Q3: What type of vacuum pump do you recommend?
The vacuum pump should be a single or double-staged unit capable of producing at least 400 mm Hg pressure at the vacuum manifold. If less pressure is applied, centrifuge the column prior to washing to remove any residual lysate/buffer remaining in the matrix.
Q4: Are the ZymoPURE kits compatible with any commercially available vacuum manifold?
Yes, any vacuum that uses standard luer-lock connectors is compatible.
Q5: Can an in-house vacuum line be used with the EZ Vac Vacuum Manifold?
Yes, however, the pressure needs to be around 400 mm Hg. Users should take caution, as the pressure of an in-house vacuum line can fluctuate drastically or be significantly reduced, depending on the demand in the building.
Q6: Can the ZymoPURE Kits be used with other bacteria?
Yes, please contact technical support for an application note.
Q7: Is there a protocol for low-copy number plasmid DNA?

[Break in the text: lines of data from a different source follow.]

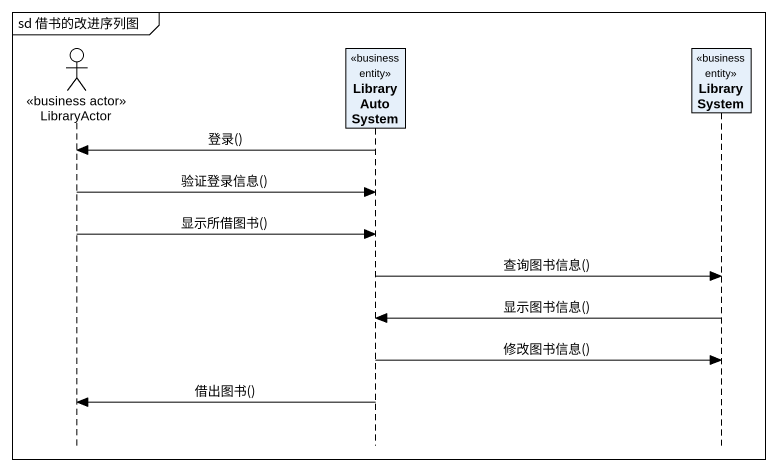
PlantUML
@startuml
mainframe sd 借书的改进序列图
hide footbox
actor LibraryActor <<business actor>>
participant LibraryAutoSystem <<business entity>>
participant LibrarySystem <<business entity>>

LibraryAutoSystem -> LibraryActor : 登录()
LibraryActor -> LibraryAutoSystem : 验证登录信息()
LibraryActor -> LibraryAutoSystem : 显示所借图书()
LibraryAutoSystem -> LibrarySystem : 查询图书信息()
LibrarySystem -> LibraryAutoSystem : 显示图书信息()
LibraryAutoSystem -> LibrarySystem : 修改图书信息()
LibraryAutoSystem -> LibraryActor : 借出图书()
@enduml
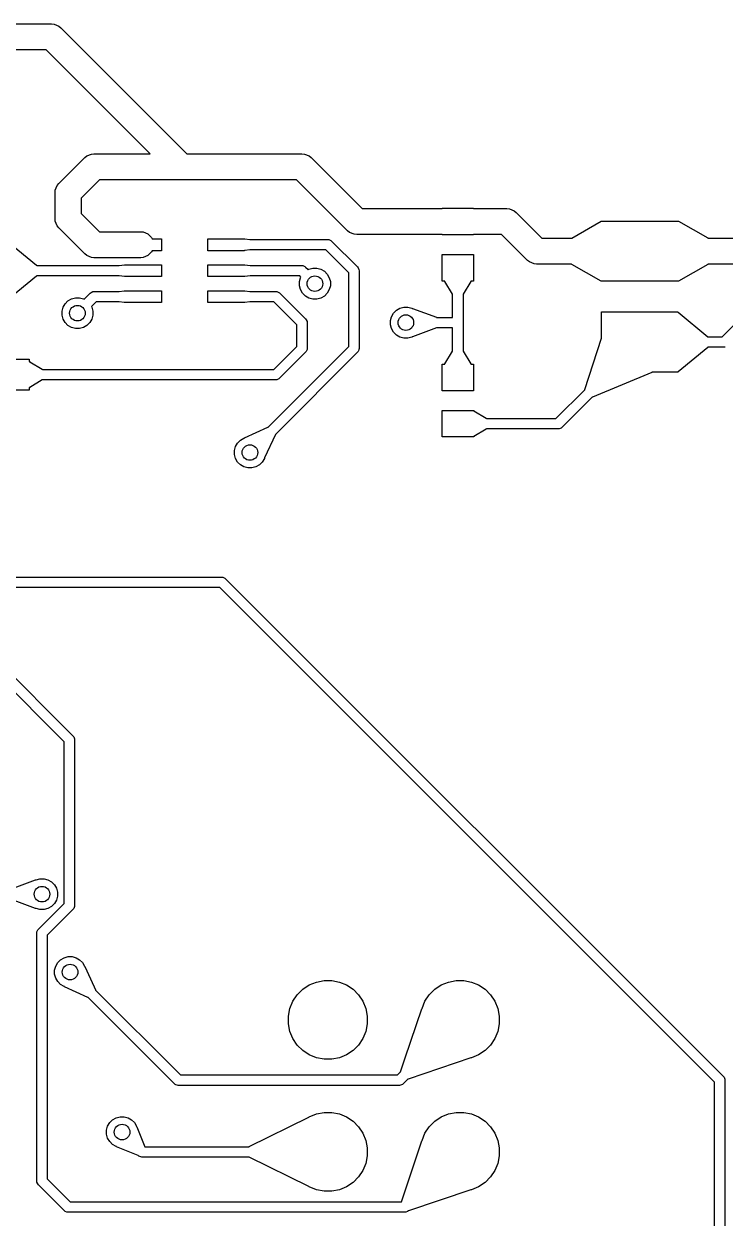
# Model space of a CAD drawing. Header units: inches. Extents: x 2.77 to 6.15, y -3.57 to -1.68.
# Drawn here: x 4.73 to 5.262, y -2.588 to -1.683 of the extents above; entities that cross this region are included whole.
import ezdxf

# ---------------------------------------------------------------- set-up
doc = ezdxf.new("R2010")
doc.units = ezdxf.units.IN
doc.header["$MEASUREMENT"] = 0
doc.layers.add('F.Cu', color=13, linetype='CONTINUOUS', true_color=0xc83434)

msp = doc.modelspace()

# ---------------------------------------------------------------- linework, layer by layer
at = {"layer": 'F.Cu', "linetype": 'CONTINUOUS'}
for p, q in [((3.87795, -1.68307), (4.75126, -1.68307)), ((4.75126, -1.68307), (4.75318, -1.68326)), ((4.75318, -1.68326), (4.75673, -1.68473)), ((4.75673, -1.68473), (4.75673, -1.68473)), ((4.75673, -1.68473), (4.75822, -1.68595)), ((4.75822, -1.68595), (4.85376, -1.7815)), ((4.74718, -1.70276), (3.88203, -1.70276)), ((4.82592, -1.7815), (4.74718, -1.70276)), ((4.778, -1.78315), (4.78154, -1.78169)), ((4.78154, -1.78169), (4.78346, -1.7815)), ((4.78154, -1.78169), (4.78154, -1.78169)), ((4.78346, -1.7815), (4.82592, -1.7815)), ((4.85376, -1.7815), (4.94094, -1.7815)), ((4.94094, -1.7815), (4.94287, -1.78169)), ((4.94287, -1.78169), (4.94641, -1.78315)), ((4.75682, -1.80406), (4.7765, -1.78438)), ((4.7765, -1.78438), (4.778, -1.78315)), ((4.94641, -1.78315), (4.94641, -1.78316)), ((4.94641, -1.78316), (4.9479, -1.78438)), ((4.9479, -1.78438), (4.98656, -1.82303)), ((4.75394, -1.81102), (4.75413, -1.8091)), ((4.75413, -1.8091), (4.7556, -1.80556)), ((4.7556, -1.80556), (4.75682, -1.80406)), ((4.7556, -1.80556), (4.7556, -1.80556)), ((4.78754, -1.80118), (4.77362, -1.8151)), ((4.84969, -1.80118), (4.78754, -1.80118)), ((4.93687, -1.80118), (4.84969, -1.80118)), ((4.97552, -1.83983), (4.93687, -1.80118)), ((4.75394, -1.83071), (4.75394, -1.81102)), ((4.77362, -1.8151), (4.77362, -1.82663)), ((4.77362, -1.82663), (4.78754, -1.84055)), ((4.98656, -1.82303), (5.04724, -1.82303)), ((5.04724, -1.82303), (5.04724, -1.82283)), ((5.04724, -1.82283), (5.07087, -1.82283)), ((5.07087, -1.82283), (5.07087, -1.82303)), ((5.07087, -1.82303), (5.09626, -1.82303)), ((5.09626, -1.82303), (5.09818, -1.82322)), ((5.09818, -1.82322), (5.10173, -1.82469)), ((5.10173, -1.82469), (5.10173, -1.82469)), ((5.10173, -1.82469), (5.10322, -1.82591)), ((5.10322, -1.82591), (5.12278, -1.84547)), ((4.75413, -1.83263), (4.75394, -1.83071)), ((4.7556, -1.83618), (4.75413, -1.83263)), ((4.75682, -1.83767), (4.7556, -1.83618)), ((4.7556, -1.83618), (4.7556, -1.83618)), ((5.14531, -1.84534), (5.16764, -1.83263)), ((5.16764, -1.83263), (5.16791, -1.8326)), ((5.16791, -1.8326), (5.16791, -1.83248)), ((5.16791, -1.83248), (5.22579, -1.83248)), ((5.22579, -1.83248), (5.22579, -1.83262)), ((5.22579, -1.83262), (5.2261, -1.83266)), ((5.2261, -1.83266), (5.24831, -1.84529)), ((4.7765, -1.85735), (4.75682, -1.83767)), ((4.78754, -1.84055), (4.81889, -1.84055)), ((4.81889, -1.84055), (4.82081, -1.84074)), ((4.82081, -1.84074), (4.82436, -1.84221)), ((4.82436, -1.84221), (4.82707, -1.84493)), ((4.82707, -1.84493), (4.82749, -1.84592)), ((4.82749, -1.84592), (4.83459, -1.84592)), ((4.83459, -1.84592), (4.83459, -1.85492)), ((4.86959, -1.85492), (4.86959, -1.84592)), ((4.86959, -1.84592), (4.89759, -1.84592)), ((4.89759, -1.84592), (4.89759, -1.84594)), ((4.89759, -1.84594), (4.89764, -1.84594)), ((4.89764, -1.84594), (4.89773, -1.84594)), ((4.89773, -1.84594), (4.90159, -1.8464)), ((4.97701, -1.84106), (4.97552, -1.83983)), ((4.98056, -1.84253), (4.97701, -1.84106)), ((4.97701, -1.84106), (4.97701, -1.84106)), ((4.98248, -1.84272), (4.98056, -1.84253)), ((5.04724, -1.84272), (4.98248, -1.84272)), ((5.04724, -1.84291), (5.04724, -1.84272)), ((5.07087, -1.84291), (5.04724, -1.84291)), ((5.09218, -1.84272), (5.07087, -1.84272)), ((5.07087, -1.84272), (5.07087, -1.84291)), ((5.11174, -1.86227), (5.09218, -1.84272)), ((5.12278, -1.84547), (5.14519, -1.84547)), ((5.14519, -1.84547), (5.14521, -1.84541)), ((5.14521, -1.84541), (5.14531, -1.84534)), ((5.24831, -1.84529), (5.24845, -1.84541)), ((5.24845, -1.84541), (5.24849, -1.84547)), ((5.24849, -1.84547), (5.29752, -1.84547)), ((4.71869, -1.84858), (4.73999, -1.86601)), ((4.82746, -1.85492), (4.82707, -1.85586)), ((4.83459, -1.85492), (4.82746, -1.85492)), ((4.89759, -1.85492), (4.86959, -1.85492)), ((4.89764, -1.85488), (4.89759, -1.85487)), ((4.89759, -1.85487), (4.89759, -1.85492)), ((4.89774, -1.85487), (4.89764, -1.85488)), ((4.90161, -1.85439), (4.89774, -1.85487)), ((4.90159, -1.8464), (4.90176, -1.84645)), ((4.90175, -1.85435), (4.90161, -1.85439)), ((4.90179, -1.85433), (4.90175, -1.85435)), ((4.90176, -1.84645), (4.90177, -1.84646)), ((4.90177, -1.84646), (4.96063, -1.84646)), ((4.959, -1.85433), (4.90179, -1.85433)), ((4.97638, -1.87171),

Yes, we do have an application note for low-copy number plasmid available. Please contact technical support for a copy.
Q8: Can I process more than the recommended volume of bacterial culture or use enriched growth media?
Yes, however, more attention is required during the lysis and steps. We recommend centrifuging/pelleting the neutralized lysate before loading onto the supplied syringe/bottle-top filter. For high copy plasmids using more culture can cause overloading and subsequent clogging of columns, which can result in poor DNA yield and/or quality.
Q9: Can the ZymoPURE kits be used to isolate large plasmid constructs (BAC/PAC)?
Yes, the standard ZymoPURE protocol has been successfully tested with constructs up to 200 kb. To increase elution of large plasmid DNA, we recommend pre-warming the ZymoPURE Elution Buffer (50 ºC) and increasing the incubation time on column up to 10 minutes prior to centrifugation.